A Yiddish translation with illustrations was published by Michael Adam (Zürich, 1546; Prague, 1607; Amsterdam, 1661); it was later revised by Menahem ben Solomon ha-Levi, and published under the title Keter Torah (Amsterdam, 1743). Another Latin translation, with Tam ibn Yahya's preface, was published by Joseph Gagnier (Oxford, 1706); a French translation of Kyberus' Latin supplement by F. de Belleforest was published in Gilbert Génébrard's French translation of Josephus (Paris, 1609). An abstract was made in southern Italy, about 1150, by Jerahmeel ben Solomon and the translation of a portion by Moses Gaster, in The Chronicles of Jerahmeel. Another abstract, made in 1161 by Abraham ibn Daud and used as the third book of his Sefer Seder ha-Qabbalah was published (Mantua, 1513; Venice, 1545; Basel, 1580, etc.), with Münster's Latin translation, at Worms (1529) and Basel (1559).

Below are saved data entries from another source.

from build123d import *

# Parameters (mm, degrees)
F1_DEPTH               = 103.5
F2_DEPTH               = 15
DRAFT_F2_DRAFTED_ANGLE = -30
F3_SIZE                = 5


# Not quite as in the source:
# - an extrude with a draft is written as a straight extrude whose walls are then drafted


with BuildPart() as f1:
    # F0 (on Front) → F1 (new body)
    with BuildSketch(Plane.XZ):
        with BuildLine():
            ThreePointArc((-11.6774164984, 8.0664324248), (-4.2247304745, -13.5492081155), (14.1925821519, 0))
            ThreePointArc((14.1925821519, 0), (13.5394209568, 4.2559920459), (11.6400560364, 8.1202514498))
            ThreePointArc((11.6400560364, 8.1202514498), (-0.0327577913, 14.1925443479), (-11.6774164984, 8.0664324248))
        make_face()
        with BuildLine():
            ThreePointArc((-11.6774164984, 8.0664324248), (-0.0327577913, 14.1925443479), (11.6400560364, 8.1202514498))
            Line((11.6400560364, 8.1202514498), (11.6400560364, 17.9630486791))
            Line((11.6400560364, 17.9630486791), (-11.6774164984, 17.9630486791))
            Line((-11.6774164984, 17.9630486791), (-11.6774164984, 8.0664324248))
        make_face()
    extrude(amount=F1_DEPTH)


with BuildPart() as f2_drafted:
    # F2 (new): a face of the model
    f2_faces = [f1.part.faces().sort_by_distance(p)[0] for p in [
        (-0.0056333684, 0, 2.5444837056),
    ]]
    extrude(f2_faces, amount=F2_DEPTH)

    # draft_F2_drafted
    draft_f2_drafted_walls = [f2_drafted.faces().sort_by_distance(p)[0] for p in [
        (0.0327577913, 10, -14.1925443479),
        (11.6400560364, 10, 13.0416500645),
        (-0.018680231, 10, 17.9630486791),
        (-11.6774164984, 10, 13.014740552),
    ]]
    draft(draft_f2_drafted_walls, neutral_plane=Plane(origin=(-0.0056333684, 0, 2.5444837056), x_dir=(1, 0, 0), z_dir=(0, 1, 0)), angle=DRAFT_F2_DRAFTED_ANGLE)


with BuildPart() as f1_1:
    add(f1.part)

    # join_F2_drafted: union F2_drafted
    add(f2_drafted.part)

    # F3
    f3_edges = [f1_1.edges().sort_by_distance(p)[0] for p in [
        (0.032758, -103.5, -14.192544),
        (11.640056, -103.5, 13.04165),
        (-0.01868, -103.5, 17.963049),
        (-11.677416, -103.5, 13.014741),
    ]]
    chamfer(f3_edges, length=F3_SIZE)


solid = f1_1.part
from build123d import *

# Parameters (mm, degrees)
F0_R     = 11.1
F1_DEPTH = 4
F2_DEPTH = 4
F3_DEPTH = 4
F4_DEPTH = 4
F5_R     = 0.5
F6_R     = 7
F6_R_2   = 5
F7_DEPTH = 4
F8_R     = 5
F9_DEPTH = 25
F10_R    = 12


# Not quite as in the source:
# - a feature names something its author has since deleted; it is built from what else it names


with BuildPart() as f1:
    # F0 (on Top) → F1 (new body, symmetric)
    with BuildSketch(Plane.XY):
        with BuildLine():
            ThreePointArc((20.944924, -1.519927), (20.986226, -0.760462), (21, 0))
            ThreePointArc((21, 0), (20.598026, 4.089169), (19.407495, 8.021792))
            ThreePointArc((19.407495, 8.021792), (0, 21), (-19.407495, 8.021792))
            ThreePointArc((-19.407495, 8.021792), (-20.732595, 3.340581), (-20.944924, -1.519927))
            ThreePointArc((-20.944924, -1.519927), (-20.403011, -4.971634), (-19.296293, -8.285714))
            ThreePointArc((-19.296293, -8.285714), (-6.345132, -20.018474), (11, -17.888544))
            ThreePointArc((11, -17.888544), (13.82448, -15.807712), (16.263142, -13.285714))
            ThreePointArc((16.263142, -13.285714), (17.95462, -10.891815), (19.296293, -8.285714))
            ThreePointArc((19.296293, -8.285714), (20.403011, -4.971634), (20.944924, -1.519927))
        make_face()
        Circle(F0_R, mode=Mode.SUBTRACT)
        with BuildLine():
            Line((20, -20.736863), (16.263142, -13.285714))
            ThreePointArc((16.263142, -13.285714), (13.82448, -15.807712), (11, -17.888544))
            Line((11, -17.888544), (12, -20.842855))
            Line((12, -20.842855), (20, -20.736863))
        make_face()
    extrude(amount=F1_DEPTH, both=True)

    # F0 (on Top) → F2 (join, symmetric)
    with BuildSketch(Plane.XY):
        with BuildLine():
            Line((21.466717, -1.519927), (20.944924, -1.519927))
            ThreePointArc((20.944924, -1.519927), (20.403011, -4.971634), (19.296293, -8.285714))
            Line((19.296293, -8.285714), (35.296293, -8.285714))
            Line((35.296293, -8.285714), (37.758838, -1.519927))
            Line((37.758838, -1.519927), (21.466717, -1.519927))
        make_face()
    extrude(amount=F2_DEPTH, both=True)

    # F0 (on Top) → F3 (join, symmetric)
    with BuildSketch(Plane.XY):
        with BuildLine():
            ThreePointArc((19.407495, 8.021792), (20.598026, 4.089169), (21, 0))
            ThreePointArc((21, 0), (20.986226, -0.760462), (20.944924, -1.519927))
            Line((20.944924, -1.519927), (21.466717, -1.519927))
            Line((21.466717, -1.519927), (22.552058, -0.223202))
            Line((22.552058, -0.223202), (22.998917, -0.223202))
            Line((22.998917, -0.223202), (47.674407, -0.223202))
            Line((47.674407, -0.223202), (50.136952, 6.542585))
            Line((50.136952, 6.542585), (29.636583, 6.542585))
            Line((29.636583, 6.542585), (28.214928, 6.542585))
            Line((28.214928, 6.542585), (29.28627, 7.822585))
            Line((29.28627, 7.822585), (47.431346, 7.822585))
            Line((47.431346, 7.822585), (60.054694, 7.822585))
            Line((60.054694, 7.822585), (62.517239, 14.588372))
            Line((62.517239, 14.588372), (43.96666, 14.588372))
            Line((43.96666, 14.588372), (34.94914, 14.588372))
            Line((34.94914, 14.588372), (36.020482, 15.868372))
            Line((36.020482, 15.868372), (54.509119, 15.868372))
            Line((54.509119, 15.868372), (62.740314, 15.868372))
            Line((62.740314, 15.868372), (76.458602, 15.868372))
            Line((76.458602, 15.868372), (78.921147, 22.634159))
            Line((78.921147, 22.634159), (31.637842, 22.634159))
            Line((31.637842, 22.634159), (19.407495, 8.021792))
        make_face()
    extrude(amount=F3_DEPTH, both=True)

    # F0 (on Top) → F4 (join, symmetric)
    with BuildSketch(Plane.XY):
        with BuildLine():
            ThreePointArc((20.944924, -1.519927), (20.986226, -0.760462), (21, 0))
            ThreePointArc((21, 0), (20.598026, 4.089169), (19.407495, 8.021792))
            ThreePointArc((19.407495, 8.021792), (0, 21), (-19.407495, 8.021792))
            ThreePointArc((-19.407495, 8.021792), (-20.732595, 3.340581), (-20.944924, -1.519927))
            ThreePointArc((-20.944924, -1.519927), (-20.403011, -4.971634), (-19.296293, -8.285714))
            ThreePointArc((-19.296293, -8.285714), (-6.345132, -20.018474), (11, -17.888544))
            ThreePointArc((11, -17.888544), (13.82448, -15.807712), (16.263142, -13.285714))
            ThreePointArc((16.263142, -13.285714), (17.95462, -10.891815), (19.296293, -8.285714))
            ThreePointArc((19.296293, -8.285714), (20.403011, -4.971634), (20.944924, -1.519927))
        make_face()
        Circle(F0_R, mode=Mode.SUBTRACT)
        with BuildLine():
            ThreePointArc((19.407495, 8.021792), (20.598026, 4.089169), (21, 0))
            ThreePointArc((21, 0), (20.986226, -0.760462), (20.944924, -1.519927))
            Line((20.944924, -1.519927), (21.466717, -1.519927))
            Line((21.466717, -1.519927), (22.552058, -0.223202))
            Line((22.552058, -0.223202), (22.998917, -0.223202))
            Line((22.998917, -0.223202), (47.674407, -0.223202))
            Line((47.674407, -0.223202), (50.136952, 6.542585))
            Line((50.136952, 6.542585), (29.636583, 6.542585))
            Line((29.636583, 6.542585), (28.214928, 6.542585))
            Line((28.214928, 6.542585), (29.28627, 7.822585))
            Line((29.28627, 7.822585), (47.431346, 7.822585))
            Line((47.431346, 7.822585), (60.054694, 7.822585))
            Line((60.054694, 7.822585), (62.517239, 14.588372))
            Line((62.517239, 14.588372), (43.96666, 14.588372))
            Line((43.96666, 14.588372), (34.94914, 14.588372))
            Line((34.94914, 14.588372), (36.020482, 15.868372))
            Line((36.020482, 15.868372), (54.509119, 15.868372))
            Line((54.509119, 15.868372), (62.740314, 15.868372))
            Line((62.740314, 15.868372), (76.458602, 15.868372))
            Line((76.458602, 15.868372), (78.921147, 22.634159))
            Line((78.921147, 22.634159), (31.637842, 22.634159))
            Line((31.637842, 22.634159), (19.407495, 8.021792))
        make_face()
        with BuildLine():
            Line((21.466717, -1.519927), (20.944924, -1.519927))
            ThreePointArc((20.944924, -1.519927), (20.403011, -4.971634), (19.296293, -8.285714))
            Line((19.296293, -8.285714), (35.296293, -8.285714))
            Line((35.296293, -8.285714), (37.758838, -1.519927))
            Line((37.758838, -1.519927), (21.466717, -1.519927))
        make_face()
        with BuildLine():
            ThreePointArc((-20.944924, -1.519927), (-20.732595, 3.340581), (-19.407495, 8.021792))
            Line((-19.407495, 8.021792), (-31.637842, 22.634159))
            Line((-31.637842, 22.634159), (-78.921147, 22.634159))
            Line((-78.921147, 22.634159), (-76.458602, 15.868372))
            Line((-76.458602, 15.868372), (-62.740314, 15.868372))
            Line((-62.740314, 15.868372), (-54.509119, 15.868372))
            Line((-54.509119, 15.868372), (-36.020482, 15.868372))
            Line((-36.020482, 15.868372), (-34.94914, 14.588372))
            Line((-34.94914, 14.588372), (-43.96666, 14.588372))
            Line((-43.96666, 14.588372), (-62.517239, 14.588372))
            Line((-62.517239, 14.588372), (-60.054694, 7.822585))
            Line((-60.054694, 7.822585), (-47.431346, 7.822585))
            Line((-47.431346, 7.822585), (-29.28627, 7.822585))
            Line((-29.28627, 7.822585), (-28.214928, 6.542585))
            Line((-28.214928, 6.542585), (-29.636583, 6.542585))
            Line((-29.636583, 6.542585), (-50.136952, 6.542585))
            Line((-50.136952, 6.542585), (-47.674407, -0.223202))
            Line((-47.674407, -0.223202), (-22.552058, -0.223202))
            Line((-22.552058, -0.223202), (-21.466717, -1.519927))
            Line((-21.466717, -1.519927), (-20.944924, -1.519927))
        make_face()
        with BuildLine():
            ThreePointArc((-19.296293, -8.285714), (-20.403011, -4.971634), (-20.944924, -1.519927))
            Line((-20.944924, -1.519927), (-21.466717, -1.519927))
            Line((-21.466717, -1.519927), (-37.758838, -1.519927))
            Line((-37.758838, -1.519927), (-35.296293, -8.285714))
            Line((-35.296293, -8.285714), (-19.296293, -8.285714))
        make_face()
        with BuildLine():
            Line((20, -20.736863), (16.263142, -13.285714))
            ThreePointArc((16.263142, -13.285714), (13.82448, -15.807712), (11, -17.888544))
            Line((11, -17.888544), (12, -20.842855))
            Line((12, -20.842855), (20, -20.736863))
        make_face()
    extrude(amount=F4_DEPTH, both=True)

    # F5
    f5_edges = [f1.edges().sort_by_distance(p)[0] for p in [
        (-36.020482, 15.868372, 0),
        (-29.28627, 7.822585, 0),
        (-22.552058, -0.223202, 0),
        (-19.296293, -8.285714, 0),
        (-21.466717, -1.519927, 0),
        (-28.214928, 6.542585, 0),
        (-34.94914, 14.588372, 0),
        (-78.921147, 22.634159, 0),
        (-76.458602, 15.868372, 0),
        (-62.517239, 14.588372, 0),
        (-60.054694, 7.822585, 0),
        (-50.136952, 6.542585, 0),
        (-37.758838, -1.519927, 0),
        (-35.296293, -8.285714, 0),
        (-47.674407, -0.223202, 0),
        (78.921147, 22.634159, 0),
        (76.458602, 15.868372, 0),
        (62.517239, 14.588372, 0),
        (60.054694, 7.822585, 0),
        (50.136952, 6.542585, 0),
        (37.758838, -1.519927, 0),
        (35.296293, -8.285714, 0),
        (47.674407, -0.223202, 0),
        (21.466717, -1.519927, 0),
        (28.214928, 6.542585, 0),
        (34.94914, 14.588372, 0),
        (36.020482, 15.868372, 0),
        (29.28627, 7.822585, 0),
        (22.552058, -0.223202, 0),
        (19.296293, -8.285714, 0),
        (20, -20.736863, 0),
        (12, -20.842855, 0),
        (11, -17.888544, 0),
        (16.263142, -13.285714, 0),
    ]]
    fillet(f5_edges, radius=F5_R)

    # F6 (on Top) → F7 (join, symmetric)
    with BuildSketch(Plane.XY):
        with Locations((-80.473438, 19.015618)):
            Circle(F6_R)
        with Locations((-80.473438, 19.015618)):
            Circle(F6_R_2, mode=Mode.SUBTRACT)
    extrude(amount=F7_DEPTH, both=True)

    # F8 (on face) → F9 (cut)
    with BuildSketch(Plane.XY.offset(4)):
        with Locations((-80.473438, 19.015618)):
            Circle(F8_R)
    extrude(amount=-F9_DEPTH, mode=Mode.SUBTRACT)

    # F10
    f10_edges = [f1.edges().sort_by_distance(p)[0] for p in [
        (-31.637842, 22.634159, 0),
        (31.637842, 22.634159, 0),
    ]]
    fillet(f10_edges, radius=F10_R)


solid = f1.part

An English translation of this abstract was made by Peter Morvyn (London, 1558, 1561, 1575, 1608). A Yiddish compendium by Edel bat Moses was published in Kraków in 1670; the oldest German extract, under the title "Joseppi Jüdische Historien" (author not known) is described in Wolf, "Bibl. Hebr." (iii. 389). Some short extracts, in German, are given in Joseph Zedner, Auswahl aus Hebräischen Schriftstellern (pp. 16 et seq.), and in Winter and Wünsche, Die Jüdische Litteratur. (iii. 310 et seq.).

In November 2022, Bowman released his English translation of Sepher Yosippon, which is a translation of David Flusser's critical edition of the text.